Europe de l’Est : La Serbie monte
Le Moci. Maintenant que la zone euro semble devoir se redresser, n’est-il pas temps pour les entreprises françaises de s’orienter plus vers l’Est le plus proche en Europe ? Quels pays d’Europe centrale ou orientale leur conseilleriez-vous ?

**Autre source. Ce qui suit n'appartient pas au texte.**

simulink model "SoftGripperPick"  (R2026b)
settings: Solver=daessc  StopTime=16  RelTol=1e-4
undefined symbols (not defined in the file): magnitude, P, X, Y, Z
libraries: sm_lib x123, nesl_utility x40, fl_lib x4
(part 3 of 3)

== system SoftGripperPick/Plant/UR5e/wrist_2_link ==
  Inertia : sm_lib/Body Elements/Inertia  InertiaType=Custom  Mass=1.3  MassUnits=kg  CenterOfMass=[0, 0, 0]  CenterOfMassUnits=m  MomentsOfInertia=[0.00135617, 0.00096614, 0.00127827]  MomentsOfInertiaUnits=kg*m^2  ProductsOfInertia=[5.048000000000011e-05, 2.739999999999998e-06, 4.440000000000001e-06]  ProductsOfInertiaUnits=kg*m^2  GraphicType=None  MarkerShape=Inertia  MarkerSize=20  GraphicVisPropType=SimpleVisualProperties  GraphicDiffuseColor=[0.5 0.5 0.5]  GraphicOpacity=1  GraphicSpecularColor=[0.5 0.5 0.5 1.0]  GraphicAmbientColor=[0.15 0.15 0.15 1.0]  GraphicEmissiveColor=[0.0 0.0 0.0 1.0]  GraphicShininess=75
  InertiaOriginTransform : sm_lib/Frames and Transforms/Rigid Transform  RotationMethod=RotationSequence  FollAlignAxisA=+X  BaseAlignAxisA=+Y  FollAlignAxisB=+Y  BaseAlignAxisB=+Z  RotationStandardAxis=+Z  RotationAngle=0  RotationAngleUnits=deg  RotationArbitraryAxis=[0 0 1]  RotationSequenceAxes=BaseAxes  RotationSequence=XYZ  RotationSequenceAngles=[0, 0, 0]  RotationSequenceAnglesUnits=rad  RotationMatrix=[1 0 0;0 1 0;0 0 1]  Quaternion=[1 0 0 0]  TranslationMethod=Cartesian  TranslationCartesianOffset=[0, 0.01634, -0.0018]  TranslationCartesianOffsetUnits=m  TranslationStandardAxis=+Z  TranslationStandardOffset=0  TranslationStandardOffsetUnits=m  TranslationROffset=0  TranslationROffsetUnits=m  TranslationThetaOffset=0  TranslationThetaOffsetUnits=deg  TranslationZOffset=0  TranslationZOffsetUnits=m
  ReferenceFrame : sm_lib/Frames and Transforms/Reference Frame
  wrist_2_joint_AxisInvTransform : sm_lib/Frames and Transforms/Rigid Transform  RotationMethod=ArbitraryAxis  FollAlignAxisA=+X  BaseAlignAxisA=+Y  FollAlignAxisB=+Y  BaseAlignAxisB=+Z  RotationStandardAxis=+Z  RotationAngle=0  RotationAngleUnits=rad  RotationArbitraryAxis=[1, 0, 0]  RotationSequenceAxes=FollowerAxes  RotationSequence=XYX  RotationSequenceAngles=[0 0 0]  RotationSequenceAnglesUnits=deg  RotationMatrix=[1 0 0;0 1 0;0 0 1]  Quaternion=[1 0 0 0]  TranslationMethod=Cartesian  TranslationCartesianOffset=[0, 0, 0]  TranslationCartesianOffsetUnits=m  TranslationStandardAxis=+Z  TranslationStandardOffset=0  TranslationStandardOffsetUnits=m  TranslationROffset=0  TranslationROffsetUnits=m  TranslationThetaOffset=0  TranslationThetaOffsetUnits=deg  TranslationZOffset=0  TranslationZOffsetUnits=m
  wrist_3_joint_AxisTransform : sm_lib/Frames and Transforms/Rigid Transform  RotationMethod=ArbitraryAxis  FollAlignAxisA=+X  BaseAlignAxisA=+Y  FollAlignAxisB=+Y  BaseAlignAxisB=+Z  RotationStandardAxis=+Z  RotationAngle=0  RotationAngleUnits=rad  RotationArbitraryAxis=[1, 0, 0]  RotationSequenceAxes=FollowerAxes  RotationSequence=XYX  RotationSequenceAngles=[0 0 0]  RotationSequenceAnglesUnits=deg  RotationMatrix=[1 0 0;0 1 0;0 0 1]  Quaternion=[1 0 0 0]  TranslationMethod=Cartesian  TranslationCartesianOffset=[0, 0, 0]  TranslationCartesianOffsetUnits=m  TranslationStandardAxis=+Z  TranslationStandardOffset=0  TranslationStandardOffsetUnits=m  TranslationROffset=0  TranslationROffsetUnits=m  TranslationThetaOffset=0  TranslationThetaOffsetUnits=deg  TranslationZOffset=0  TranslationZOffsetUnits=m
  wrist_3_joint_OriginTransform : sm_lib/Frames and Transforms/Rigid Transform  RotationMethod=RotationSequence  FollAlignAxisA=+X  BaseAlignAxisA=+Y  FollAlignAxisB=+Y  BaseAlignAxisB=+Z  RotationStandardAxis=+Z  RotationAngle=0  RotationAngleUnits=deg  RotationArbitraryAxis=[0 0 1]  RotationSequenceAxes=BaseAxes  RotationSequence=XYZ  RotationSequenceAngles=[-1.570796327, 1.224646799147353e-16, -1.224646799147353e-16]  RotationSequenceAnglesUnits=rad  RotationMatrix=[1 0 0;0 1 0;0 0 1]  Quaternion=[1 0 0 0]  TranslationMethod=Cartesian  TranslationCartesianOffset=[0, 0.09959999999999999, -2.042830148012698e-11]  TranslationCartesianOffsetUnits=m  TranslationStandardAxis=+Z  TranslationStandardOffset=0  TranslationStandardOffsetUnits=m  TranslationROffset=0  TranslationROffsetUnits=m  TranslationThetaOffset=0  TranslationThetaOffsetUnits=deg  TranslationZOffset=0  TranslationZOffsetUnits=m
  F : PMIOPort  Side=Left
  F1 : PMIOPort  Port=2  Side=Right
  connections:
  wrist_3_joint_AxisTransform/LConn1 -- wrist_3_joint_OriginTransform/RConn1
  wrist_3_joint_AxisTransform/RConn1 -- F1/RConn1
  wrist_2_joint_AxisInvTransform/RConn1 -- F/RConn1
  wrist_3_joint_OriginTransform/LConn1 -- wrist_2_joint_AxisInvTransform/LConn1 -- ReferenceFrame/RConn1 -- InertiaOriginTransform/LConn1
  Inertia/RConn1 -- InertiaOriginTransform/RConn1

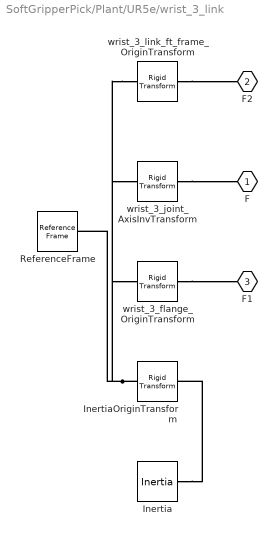
== system SoftGripperPick/Plant/UR5e/wrist_3_link ==
  Inertia : sm_lib/Body Elements/Inertia  InertiaType=Custom  Mass=0.365  MassUnits=kg  CenterOfMass=[0, 0, 0]  CenterOfMassUnits=m  MomentsOfInertia=[0.00018694, 0.00018908, 0.00025756]  MomentsOfInertiaUnits=kg*m^2  ProductsOfInertia=[-9.2e-07, -1.7e-07, 5.999999999999999e-08]  ProductsOfInertiaUnits=kg*m^2  GraphicType=None  MarkerShape=Inertia  MarkerSize=20  GraphicVisPropType=SimpleVisualProperties  GraphicDiffuseColor=[0.5 0.5 0.5]  GraphicOpacity=1  GraphicSpecularColor=[0.5 0.5 0.5 1.0]  GraphicAmbientColor=[0.15 0.15 0.15 1.0]  GraphicEmissiveColor=[0.0 0.0 0.0 1.0]  GraphicShininess=75
  InertiaOriginTransform : sm_lib/Frames and Transforms/Rigid Transform  RotationMethod=RotationSequence  FollAlignAxisA=+X  BaseAlignAxisA=+Y  FollAlignAxisB=+Y  BaseAlignAxisB=+Z  RotationStandardAxis=+Z  RotationAngle=0  RotationAngleUnits=deg  RotationArbitraryAxis=[0 0 1]  RotationSequenceAxes=BaseAxes  RotationSequence=XYZ  RotationSequenceAngles=[0, 0, 0]  RotationSequenceAnglesUnits=rad  RotationMatrix=[1 0 0;0 1 0;0 0 1]  Quaternion=[1 0 0 0]  TranslationMethod=Cartesian  TranslationCartesianOffset=[0, 0, -0.001159]  TranslationCartesianOffsetUnits=m  TranslationStandardAxis=+Z  TranslationStandardOffset=0  TranslationStandardOffsetUnits=m  TranslationROffset=0  TranslationROffsetUnits=m  TranslationThetaOffset=0  TranslationThetaOffsetUnits=deg  TranslationZOffset=0  TranslationZOffsetUnits=m
  ReferenceFrame : sm_lib/Frames and Transforms/Reference Frame
  wrist_3_flange_OriginTransform : sm_lib/Frames and Transforms/Rigid Transform  RotationMethod=RotationSequence  FollAlignAxisA=+X  BaseAlignAxisA=+Y  FollAlignAxisB=+Y  BaseAlignAxisB=+Z  RotationStandardAxis=+Z  RotationAngle=0  RotationAngleUnits=deg  RotationArbitraryAxis=[0 0 1]  RotationSequenceAxes=BaseAxes  RotationSequence=XYZ  RotationSequenceAngles=[-1.570796326794897, -1.570796326794897, 0]  RotationSequenceAnglesUnits=rad  RotationMatrix=[1 0 0;0 1 0;0 0 1]  Quaternion=[1 0 0 0]  TranslationMethod=Cartesian  TranslationCartesianOffset=[0, 0, 0]  TranslationCartesianOffsetUnits=m  TranslationStandardAxis=+Z  TranslationStandardOffset=0  TranslationStandardOffsetUnits=m  TranslationROffset=0  TranslationROffsetUnits=m  TranslationThetaOffset=0  TranslationThetaOffsetUnits=deg  TranslationZOffset=0  TranslationZOffsetUnits=m
  wrist_3_joint_AxisInvTransform : sm_lib/Frames and Transforms/Rigid Transform  RotationMethod=ArbitraryAxis  FollAlignAxisA=+X  BaseAlignAxisA=+Y  FollAlignAxisB=+Y  BaseAlignAxisB=+Z  RotationStandardAxis=+Z  RotationAngle=0  RotationAngleUnits=rad  RotationArbitraryAxis=[1, 0, 0]  RotationSequenceAxes=FollowerAxes  RotationSequence=XYX  RotationSequenceAngles=[0 0 0]  RotationSequenceAnglesUnits=deg  RotationMatrix=[1 0 0;0 1 0;0 0 1]  Quaternion=[1 0 0 0]  TranslationMethod=Cartesian  TranslationCartesianOffset=[0, 0, 0]  TranslationCartesianOffsetUnits=m  TranslationStandardAxis=+Z  TranslationStandardOffset=0  TranslationStandardOffsetUnits=m  TranslationROffset=0  TranslationROffsetUnits=m  TranslationThetaOffset=0  TranslationThetaOffsetUnits=deg  TranslationZOffset=0  TranslationZOffsetUnits=m
  wrist_3_link_ft_frame_OriginTransform : sm_lib/Frames and Transforms/Rigid Transform  RotationMethod=RotationSequence  FollAlignAxisA=+X  BaseAlignAxisA=+Y  FollAlignAxisB=+Y  BaseAlignAxisB=+Z  RotationStandardAxis=+Z  RotationAngle=0  RotationAngleUnits=deg  RotationArbitraryAxis=[0 0 1]  RotationSequenceAxes=BaseAxes  RotationSequence=XYZ  RotationSequenceAngles=[3.141592653589793, -0, 0]  RotationSequenceAnglesUnits=rad  RotationMatrix=[1 0 0;0 1 0;0 0 1]  Quaternion=[1 0 0 0]  TranslationMethod=Cartesian  TranslationCartesianOffset=[0, 0, 0]  TranslationCartesianOffsetUnits=m  TranslationStandardAxis=+Z  TranslationStandardOffset=0  TranslationStandardOffsetUnits=m  TranslationROffset=0  TranslationROffsetUnits=m  TranslationThetaOffset=0  TranslationThetaOffsetUnits=deg  TranslationZOffset=0  TranslationZOffsetUnits=m
  F : PMIOPort  Side=Left
  F2 : PMIOPort  Port=2  Side=Right
  F1 : PMIOPort  Port=3  Side=Right
  connections:
  wrist_3_link_ft_frame_OriginTransform/RConn1 -- F2/RConn1
  wrist_3_joint_AxisInvTransform/RConn1 -- F/RConn1
  wrist_3_flange_OriginTransform/RConn1 -- F1/RConn1
  wrist_3_link_ft_frame_OriginTransform/LConn1 -- wrist_3_joint_AxisInvTransform/LConn1 -- wrist_3_flange_OriginTransform/LConn1 -- ReferenceFrame/RConn1 -- InertiaOriginTransform/LConn1
  Inertia/RConn1 -- InertiaOriginTransform/RConn1

== stateflow chart SoftGripperPick/Controller/PickTask ==
  settings: updateMethod=DISCRETE  sampleTime=P.ctrl.Ts_Ctrl
  state Active
    en: Ts = taskCfg(1); pGrip = gripCfg(1); tMax = taskCfg(5);
    tTot = 0; attempt = 1; supplyLow = 0; lowCnt = 0; pCmd = 0; qCmd = qHome;
    du: tTot = tTot + Ts;
    if pCmd >= pGrip && pMeas < pGrip - gripCfg(6), lowCnt = lowCnt + 1; else, lowCnt = 0; end
    if lowCnt * Ts >= gripCfg(7), supplyLow = 1; end
    state Settle
      en: qCmd = qHome; pCmd = 0;
    state Approach
      en: tSeg = 0;
      du: tSeg = tSeg + Ts; qCmd = traj(segQ0(1,:), segQ1(1,:), segT(1), tSeg);
    state Descend
      en: tSeg = 0;
      du: tSeg = tSeg + Ts; qCmd = traj(segQ0(2,:), segQ1(2,:), segT(2), tSeg);
    state Close
      en: tC = 0; stallCnt = 0; stalled = 0; bendPrev = bend;
      du: tC = tC + Ts; pCmd = min(pGrip, pGrip * tC / gripCfg(3)); stallCnt = stallCnt + 1;
      if stallCnt >= detCfg(3), stalled = double(all(abs(bend - bendPrev) / (stallCnt * Ts) < detCfg(2))); bendPrev = bend; stallCnt = 0; end
    state CheckGrasp
      en: nContact = countContact(bend, pMeas, bendTab, detCfg);
    state Lift
      en: tSeg = 0;
      du: tSeg = tSeg + Ts; qCmd = traj(segQ0(3,:), segQ1(3,:), segT(3), tSeg);
    state Transport
      en: tSeg = 0;
      du: tSeg = tSeg + Ts; qCmd = traj(segQ0(4,:), segQ1(4,:), segT(4), tSeg);
    state Lower
      en: tSeg = 0;
      du: tSeg = tSeg + Ts; qCmd = traj(segQ0(5,:), segQ1(5,:), segT(5), tSeg);
    state Retry
      en: attempt = attempt + 1; pCmd = 0; tSeg = 0; qStart = qMeas;
      du: tSeg = tSeg + Ts; qCmd = traj(qStart, segQ0(2,:), max(segT), tSeg);
    state Release
      en: pCmd = 0;
    state Retreat
      en: tSeg = 0;
      du: tSeg = tSeg + Ts; qCmd = traj(segQ0(6,:), segQ1(6,:), segT(6), tSeg);
    (default) -> Settle
    Settle -> Approach : [after(taskCfg(2), sec)]
    Approach -> Descend : [tSeg >= segT(1) && arrived(qMeas, segQ1(1,:), taskCfg(3))]
    Descend -> Close : [tSeg >= segT(2) && arrived(qMeas, segQ1(2,:), taskCfg(3))]
    Retry -> Descend [order 2] : [tSeg >= max(segT) && arrived(qMeas, segQ0(2,:), taskCfg(3))]
    Close -> CheckGrasp [order 1] : [stalled > 0 && pMeas >= pGrip - gripCfg(2)]
    Close -> Retry [order 2] : [tC >= gripCfg(4)]
    CheckGrasp -> Lift [order 1] : [nContact >= 3]
    CheckGrasp -> Retry [order 2] : [nContact < 3]
    Lift -> Transport [order 2] : [tSeg >= segT(3) && arrived(qMeas, segQ1(3,:), taskCfg(3))]
    Lift -> Retry [order 1] : [countFree(bend, pMeas, bendTab, detCfg) >= 2]
    Transport -> Lower [order 2] : [tSeg >= segT(4) && arrived(qMeas, segQ1(4,:), taskCfg(3))]
    Transport -> Retry [order 1] : [countFree(bend, pMeas, bendTab, detCfg) >= 2]
    Lower -> Release [order 2] : [tSeg >= segT(5) && arrived(qMeas, segQ1(5,:), taskCfg(3))]
    Lower -> Retry [order 1] : [countFree(bend, pMeas, bendTab, detCfg) >= 2]
    Release -> Retreat : [after(gripCfg(5), sec)]
  state Done
    en: pCmd = 0;
    du: qCmd = qHome;
  state Failed
    en: pCmd = 0; tSeg = 0; qStart = qMeas;
    du: tSeg = tSeg + Ts; qCmd = traj(qStart, qHome, max(segT), tSeg);
  (default) -> Active
  Retry -> Failed [order 1] : [attempt > taskCfg(4)]
  Retreat -> Done : [tSeg >= segT(6) && arrived(qMeas, segQ1(6,:), taskCfg(3))]
  Active -> Failed : [tTot >= tMax]
  data: b function_input; p function_input; tab function_input; cfg function_input; n function_output; qm function_input; qt function_input; tol function_input; y function_output; q0 function_input; q1 function_input; T function_input; t function_input; q function_output; b function_input; p function_input; tab function_input; cfg function_input; n function_output; qMeas input; pMeas input; bend input; segQ0 input; segQ1 input; segT input; qHome input; gripCfg input; detCfg input; taskCfg input; bendTab input; qCmd output; pCmd output; tSeg local; tC local; tTot local; attempt local; stallCnt local; lowCnt local; supplyLow local; nContact local; bendPrev local; qStart local; Ts local; pGrip local; tMax local; stalled local
  function n = countFree(b, p, tab, cfg):
    | function n = countFree(b, p, tab, cfg)
    | % Fingers back near their free bend (the object has left them) or reading out of range: the drop detector.
    | bf = interp1(tab(1,:), tab(2,:), min(max(p, tab(1,1)), tab(1,end)));
    | valid = b >= cfg(4) & b <= cfg(5);
    | n = sum(~valid | b > bf - cfg(1));
    | end
  function y = arrived(qm, qt, tol):
    | function y = arrived(qm, qt, tol)
    | % The arm has reached the target when every joint is within tol (docs/rationale.md).
    | y = max(abs(qm(:) - qt(:))) < tol;
    | end
  function q = traj(q0, q1, T, t):
    | function q = traj(q0, q1, T, t)
    | % Minimum-jerk (quintic) interpolation q0 -> q1 over T; t is the time since the segment started.
    | s = min(max(t / T, 0), 1);
    | sig = 10*s^3 - 15*s^4 + 6*s^5;
    | q = q0(:) + (q1(:) - q0(:)) * sig;
    | end
  function n = countContact(b, p, tab, cfg):
    | function n = countContact(b, p, tab, cfg)
    | % Fingers that stopped at least dBend short of their free bend at pressure p (docs/rationale.md).
    | % cfg = [dBendContact stallRate nStall bendLo bendHi]
    | bf = interp1(tab(1,:), tab(2,:), min(max(p, tab(1,1)), tab(1,end)));
    | valid = b >= cfg(4) & b <= cfg(5);
    | n = sum(valid & b < bf - cfg(1));
    | end

T. A. Ces pays étant l’arrière-cour de l’Ouest européen vont forcément en profiter. Et les deux pays qui vont y gagner le plus sont toujours les mêmes, Pologne et République tchèque, parce que les risques y sont plus faibles et la capacité industrielle et économique supérieure. Plus surprenant, la Serbie va aussi bénéficier de la situation. Ensuite, nous avons d’autres pays, comme la Roumanie, la Bulgarie, la Hongrie, qui cumulent déficit public, niveau de crédit élevé – regardez l’endettement important des ménages en Hongrie ! Enfin, deux pays au moins, Croatie et Turquie, même s’ils seront aussi bénéficiaires du redressement de la zone euro, nous semble plus préoccupants, car exposés à la volatilité des marchés des capitaux.